### [WHAT YOU WILL DO]
Only the lines from the start of the data through the one containing "LSB+31 : xbsIndex_r4/Slice" belong in your answer; return them exactly.

### [RECORD EXTRACTS]
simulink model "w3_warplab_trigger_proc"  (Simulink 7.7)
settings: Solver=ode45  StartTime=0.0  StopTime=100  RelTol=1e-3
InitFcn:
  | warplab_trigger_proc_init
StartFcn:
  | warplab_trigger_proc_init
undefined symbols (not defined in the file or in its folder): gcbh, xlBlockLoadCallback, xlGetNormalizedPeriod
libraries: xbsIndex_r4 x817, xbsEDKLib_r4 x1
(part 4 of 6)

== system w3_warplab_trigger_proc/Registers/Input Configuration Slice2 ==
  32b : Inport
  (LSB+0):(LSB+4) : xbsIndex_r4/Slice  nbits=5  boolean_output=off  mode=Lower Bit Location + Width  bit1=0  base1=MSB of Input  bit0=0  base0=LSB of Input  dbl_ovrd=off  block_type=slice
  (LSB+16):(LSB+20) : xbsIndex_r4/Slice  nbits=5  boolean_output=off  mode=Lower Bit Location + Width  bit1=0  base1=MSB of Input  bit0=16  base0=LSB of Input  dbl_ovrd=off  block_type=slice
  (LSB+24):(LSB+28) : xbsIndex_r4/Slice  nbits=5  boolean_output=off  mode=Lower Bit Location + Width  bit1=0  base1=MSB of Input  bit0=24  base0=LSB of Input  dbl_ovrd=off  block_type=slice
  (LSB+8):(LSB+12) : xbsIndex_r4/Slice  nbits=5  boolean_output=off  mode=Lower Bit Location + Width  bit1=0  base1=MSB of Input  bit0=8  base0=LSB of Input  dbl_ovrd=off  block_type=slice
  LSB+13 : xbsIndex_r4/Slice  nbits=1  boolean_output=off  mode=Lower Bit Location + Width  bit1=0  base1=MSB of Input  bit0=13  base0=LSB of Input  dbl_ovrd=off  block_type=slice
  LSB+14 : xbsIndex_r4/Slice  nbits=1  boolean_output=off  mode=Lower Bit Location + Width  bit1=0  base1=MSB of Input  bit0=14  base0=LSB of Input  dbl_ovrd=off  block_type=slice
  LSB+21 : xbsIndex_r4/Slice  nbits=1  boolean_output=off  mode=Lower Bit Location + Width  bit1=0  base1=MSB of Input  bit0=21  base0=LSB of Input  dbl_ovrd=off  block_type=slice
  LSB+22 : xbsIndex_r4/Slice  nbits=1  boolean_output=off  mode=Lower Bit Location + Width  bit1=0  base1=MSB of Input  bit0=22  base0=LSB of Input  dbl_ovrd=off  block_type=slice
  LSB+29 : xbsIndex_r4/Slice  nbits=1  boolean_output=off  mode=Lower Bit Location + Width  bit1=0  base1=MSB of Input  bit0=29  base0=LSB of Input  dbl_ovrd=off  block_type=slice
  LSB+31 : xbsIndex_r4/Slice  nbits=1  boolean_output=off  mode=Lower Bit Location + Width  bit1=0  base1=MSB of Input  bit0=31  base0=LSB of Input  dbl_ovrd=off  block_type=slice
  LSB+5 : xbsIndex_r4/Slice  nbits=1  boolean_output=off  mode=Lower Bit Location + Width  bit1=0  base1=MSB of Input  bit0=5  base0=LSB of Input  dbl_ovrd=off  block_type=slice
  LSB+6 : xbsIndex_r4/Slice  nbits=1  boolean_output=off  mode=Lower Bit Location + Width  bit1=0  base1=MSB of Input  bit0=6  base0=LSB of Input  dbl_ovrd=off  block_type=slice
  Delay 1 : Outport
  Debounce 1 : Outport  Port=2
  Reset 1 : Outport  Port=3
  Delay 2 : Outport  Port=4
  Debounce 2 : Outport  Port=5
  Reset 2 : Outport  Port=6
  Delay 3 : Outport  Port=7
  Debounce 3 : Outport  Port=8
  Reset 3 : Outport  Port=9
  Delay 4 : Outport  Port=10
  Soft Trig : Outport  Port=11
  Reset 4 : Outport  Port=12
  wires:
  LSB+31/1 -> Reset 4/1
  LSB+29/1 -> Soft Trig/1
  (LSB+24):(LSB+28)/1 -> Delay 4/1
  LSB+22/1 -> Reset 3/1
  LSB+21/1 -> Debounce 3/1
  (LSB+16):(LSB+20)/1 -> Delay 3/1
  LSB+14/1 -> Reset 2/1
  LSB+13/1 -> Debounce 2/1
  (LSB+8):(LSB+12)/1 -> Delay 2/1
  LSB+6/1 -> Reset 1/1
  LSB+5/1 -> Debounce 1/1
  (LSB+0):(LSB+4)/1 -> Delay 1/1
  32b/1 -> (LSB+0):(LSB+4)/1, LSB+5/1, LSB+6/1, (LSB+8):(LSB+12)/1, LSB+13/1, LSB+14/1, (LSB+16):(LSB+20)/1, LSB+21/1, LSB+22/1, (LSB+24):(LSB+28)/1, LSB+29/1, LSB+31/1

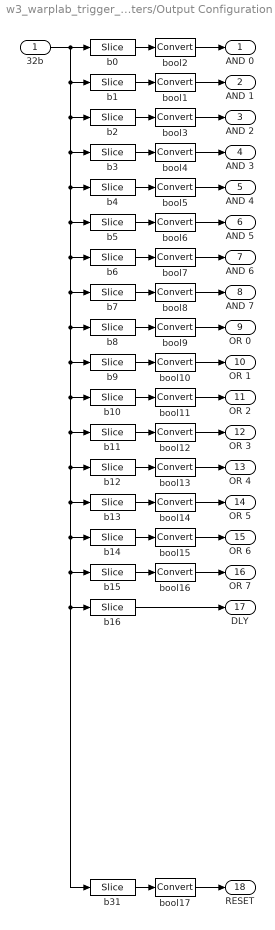
== system w3_warplab_trigger_proc/Registers/Output Configuration Slice ==
  32b : Inport
  b0 : xbsIndex_r4/Slice  nbits=1  boolean_output=off  mode=Lower Bit Location + Width  bit1=0  base1=MSB of Input  bit0=0  base0=LSB of Input  dbl_ovrd=off  block_type=slice
  b1 : xbsIndex_r4/Slice  nbits=1  boolean_output=off  mode=Lower Bit Location + Width  bit1=0  base1=MSB of Input  bit0=1  base0=LSB of Input  dbl_ovrd=off  block_type=slice
  b10 : xbsIndex_r4/Slice  nbits=1  boolean_output=off  mode=Lower Bit Location + Width  bit1=0  base1=MSB of Input  bit0=10  base0=LSB of Input  dbl_ovrd=off  block_type=slice
  b11 : xbsIndex_r4/Slice  nbits=1  boolean_output=off  mode=Lower Bit Location + Width  bit1=0  base1=MSB of Input  bit0=11  base0=LSB of Input  dbl_ovrd=off  block_type=slice
  b12 : xbsIndex_r4/Slice  nbits=1  boolean_output=off  mode=Lower Bit Location + Width  bit1=0  base1=MSB of Input  bit0=12  base0=LSB of Input  dbl_ovrd=off  block_type=slice
  b13 : xbsIndex_r4/Slice  nbits=1  boolean_output=off  mode=Lower Bit Location + Width  bit1=0  base1=MSB of Input  bit0=13  base0=LSB of Input  dbl_ovrd=off  block_type=slice
  b14 : xbsIndex_r4/Slice  nbits=1  boolean_output=off  mode=Lower Bit Location + Width  bit1=0  base1=MSB of Input  bit0=14  base0=LSB of Input  dbl_ovrd=off  block_type=slice
  b15 : xbsIndex_r4/Slice  nbits=1  boolean_output=off  mode=Lower Bit Location + Width  bit1=0  base1=MSB of Input  bit0=15  base0=LSB of Input  dbl_ovrd=off  block_type=slice
  b16 : xbsIndex_r4/Slice  nbits=5  boolean_output=off  mode=Lower Bit Location + Width  bit1=0  base1=MSB of Input  bit0=16  base0=LSB of Input  dbl_ovrd=off  block_type=slice
  b2 : xbsIndex_r4/Slice  nbits=1  boolean_output=off  mode=Lower Bit Location + Width  bit1=0  base1=MSB of Input  bit0=2  base0=LSB of Input  dbl_ovrd=off  block_type=slice
  b3 : xbsIndex_r4/Slice  nbits=1  boolean_output=off  mode=Lower Bit Location + Width  bit1=0  base1=MSB of Input  bit0=3  base0=LSB of Input  dbl_ovrd=off  block_type=slice
  b31 : xbsIndex_r4/Slice  nbits=1  boolean_output=off  mode=Lower Bit Location + Width  bit1=0  base1=MSB of Input  bit0=31  base0=LSB of Input  dbl_ovrd=off  block_type=slice
  b4 : xbsIndex_r4/Slice  nbits=1  boolean_output=off  mode=Lower Bit Location + Width  bit1=0  base1=MSB of Input  bit0=4  base0=LSB of Input  dbl_ovrd=off  block_type=slice
  b5 : xbsIndex_r4/Slice  nbits=1  boolean_output=off  mode=Lower Bit Location + Width  bit1=0  base1=MSB of Input  bit0=5  base0=LSB of Input  dbl_ovrd=off  block_type=slice
  b6 : xbsIndex_r4/Slice  nbits=1  boolean_output=off  mode=Lower Bit Location + Width  bit1=0  base1=MSB of Input  bit0=6  base0=LSB of Input  dbl_ovrd=off  block_type=slice
  b7 : xbsIndex_r4/Slice  nbits=1  boolean_output=off  mode=Lower Bit Location + Width  bit1=0  base1=MSB of Input  bit0=7  base0=LSB of Input  dbl_ovrd=off  block_type=slice
  b8 : xbsIndex_r4/Slice  nbits=1  boolean_output=off  mode=Lower Bit Location + Width  bit1=0  base1=MSB of Input  bit0=8  base0=LSB of Input  dbl_ovrd=off  block_type=slice
  b9 : xbsIndex_r4/Slice  nbits=1  boolean_output=off  mode=Lower Bit Location + Width  bit1=0  base1=MSB of Input  bit0=9  base0=LSB of Input  dbl_ovrd=off  block_type=slice
  bool{1..17} (17 alike) : xbsIndex_r4/Convert  gui_display_data_type=Boolean  arith_type=Boolean  n_bits=16  bin_pt=14  float_type=Single  exp_bits=8  fraction_bits=24  quantization=Truncate  overflow=Wrap  en=off  latency=0  dbl_ovrd=off  pipeline=off  block_type=convert
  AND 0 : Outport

### [EXERCISE SOLUTION]
simulink model "w3_warplab_trigger_proc"  (Simulink 7.7)
settings: Solver=ode45  StartTime=0.0  StopTime=100  RelTol=1e-3
InitFcn:
  | warplab_trigger_proc_init
StartFcn:
  | warplab_trigger_proc_init
undefined symbols (not defined in the file or in its folder): gcbh, xlBlockLoadCallback, xlGetNormalizedPeriod
libraries: xbsIndex_r4 x817, xbsEDKLib_r4 x1
(part 4 of 6)

== system w3_warplab_trigger_proc/Registers/Input Configuration Slice2 ==
  32b : Inport
  (LSB+0):(LSB+4) : xbsIndex_r4/Slice  nbits=5  boolean_output=off  mode=Lower Bit Location + Width  bit1=0  base1=MSB of Input  bit0=0  base0=LSB of Input  dbl_ovrd=off  block_type=slice
  (LSB+16):(LSB+20) : xbsIndex_r4/Slice  nbits=5  boolean_output=off  mode=Lower Bit Location + Width  bit1=0  base1=MSB of Input  bit0=16  base0=LSB of Input  dbl_ovrd=off  block_type=slice
  (LSB+24):(LSB+28) : xbsIndex_r4/Slice  nbits=5  boolean_output=off  mode=Lower Bit Location + Width  bit1=0  base1=MSB of Input  bit0=24  base0=LSB of Input  dbl_ovrd=off  block_type=slice
  (LSB+8):(LSB+12) : xbsIndex_r4/Slice  nbits=5  boolean_output=off  mode=Lower Bit Location + Width  bit1=0  base1=MSB of Input  bit0=8  base0=LSB of Input  dbl_ovrd=off  block_type=slice
  LSB+13 : xbsIndex_r4/Slice  nbits=1  boolean_output=off  mode=Lower Bit Location + Width  bit1=0  base1=MSB of Input  bit0=13  base0=LSB of Input  dbl_ovrd=off  block_type=slice
  LSB+14 : xbsIndex_r4/Slice  nbits=1  boolean_output=off  mode=Lower Bit Location + Width  bit1=0  base1=MSB of Input  bit0=14  base0=LSB of Input  dbl_ovrd=off  block_type=slice
  LSB+21 : xbsIndex_r4/Slice  nbits=1  boolean_output=off  mode=Lower Bit Location + Width  bit1=0  base1=MSB of Input  bit0=21  base0=LSB of Input  dbl_ovrd=off  block_type=slice
  LSB+22 : xbsIndex_r4/Slice  nbits=1  boolean_output=off  mode=Lower Bit Location + Width  bit1=0  base1=MSB of Input  bit0=22  base0=LSB of Input  dbl_ovrd=off  block_type=slice
  LSB+29 : xbsIndex_r4/Slice  nbits=1  boolean_output=off  mode=Lower Bit Location + Width  bit1=0  base1=MSB of Input  bit0=29  base0=LSB of Input  dbl_ovrd=off  block_type=slice
  LSB+31 : xbsIndex_r4/Slice  nbits=1  boolean_output=off  mode=Lower Bit Location + Width  bit1=0  base1=MSB of Input  bit0=31  base0=LSB of Input  dbl_ovrd=off  block_type=slice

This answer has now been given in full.